Records for processing Start Marker

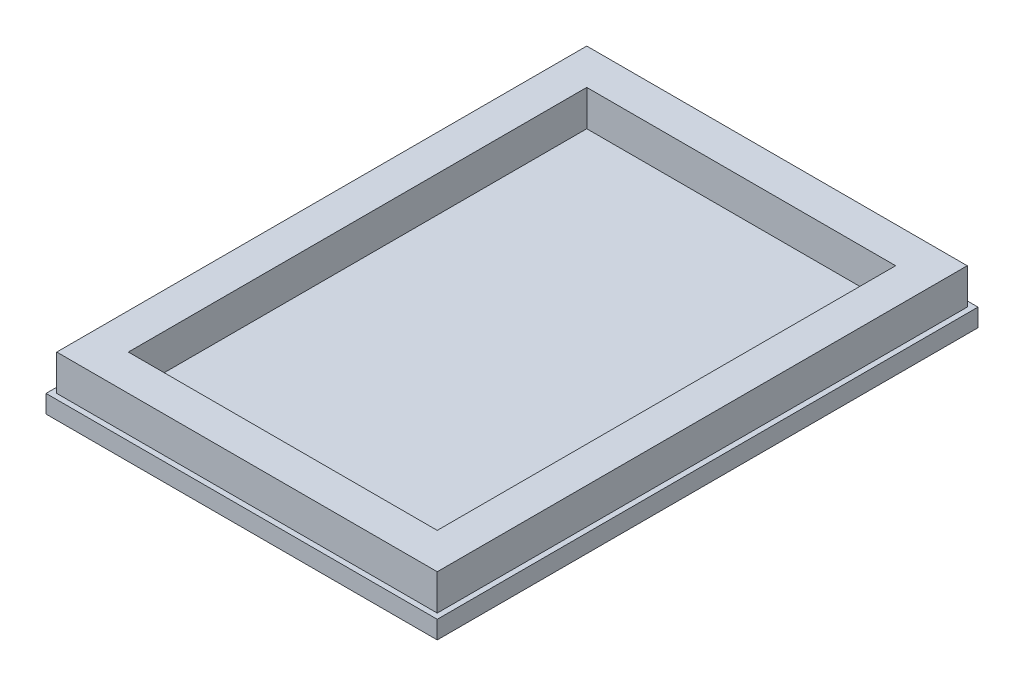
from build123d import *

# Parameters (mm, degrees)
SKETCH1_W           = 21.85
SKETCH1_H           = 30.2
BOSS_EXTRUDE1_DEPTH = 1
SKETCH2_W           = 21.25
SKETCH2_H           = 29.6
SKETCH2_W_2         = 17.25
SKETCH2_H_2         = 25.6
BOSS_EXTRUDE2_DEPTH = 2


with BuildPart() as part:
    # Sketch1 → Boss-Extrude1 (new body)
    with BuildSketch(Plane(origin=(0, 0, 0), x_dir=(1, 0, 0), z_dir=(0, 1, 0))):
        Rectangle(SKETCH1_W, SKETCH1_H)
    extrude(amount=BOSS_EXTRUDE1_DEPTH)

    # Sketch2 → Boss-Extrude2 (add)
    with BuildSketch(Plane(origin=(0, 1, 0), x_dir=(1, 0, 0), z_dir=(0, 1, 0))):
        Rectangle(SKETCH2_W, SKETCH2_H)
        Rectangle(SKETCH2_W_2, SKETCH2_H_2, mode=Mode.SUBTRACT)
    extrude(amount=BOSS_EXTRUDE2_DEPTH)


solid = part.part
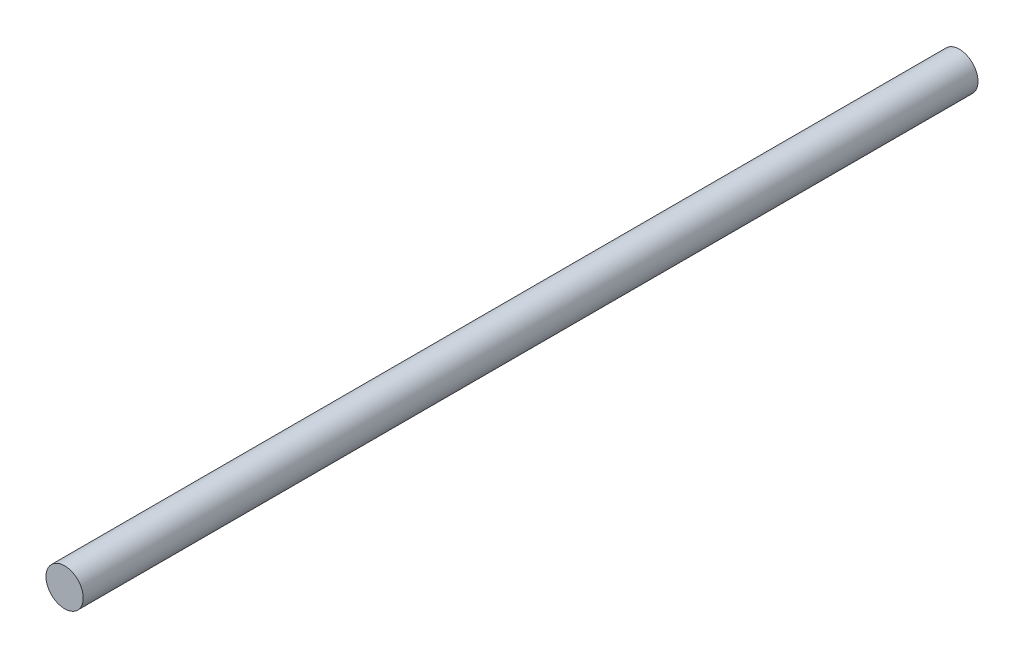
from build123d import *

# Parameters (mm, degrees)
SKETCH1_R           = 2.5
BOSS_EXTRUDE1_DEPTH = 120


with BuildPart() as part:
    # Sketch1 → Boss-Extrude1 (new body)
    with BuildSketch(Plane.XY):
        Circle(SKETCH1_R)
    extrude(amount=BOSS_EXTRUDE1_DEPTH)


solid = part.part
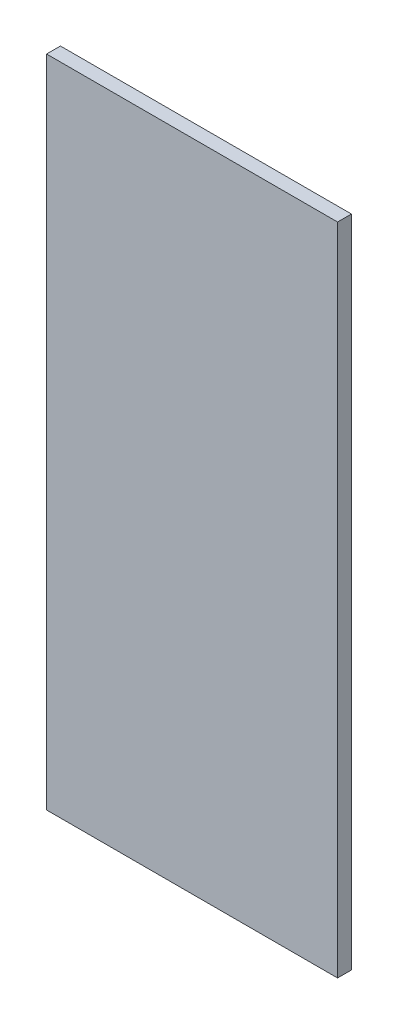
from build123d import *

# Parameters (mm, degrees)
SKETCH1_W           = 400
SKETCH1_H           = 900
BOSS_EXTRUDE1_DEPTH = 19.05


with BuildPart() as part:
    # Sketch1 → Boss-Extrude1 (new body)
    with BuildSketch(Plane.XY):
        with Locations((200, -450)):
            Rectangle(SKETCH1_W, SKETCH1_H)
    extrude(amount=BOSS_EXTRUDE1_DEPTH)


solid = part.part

Records for processing End Marker

Exercise objective | In these records, tally the lines that contain the string "Rectangle", and give only the result.

Written answer | 4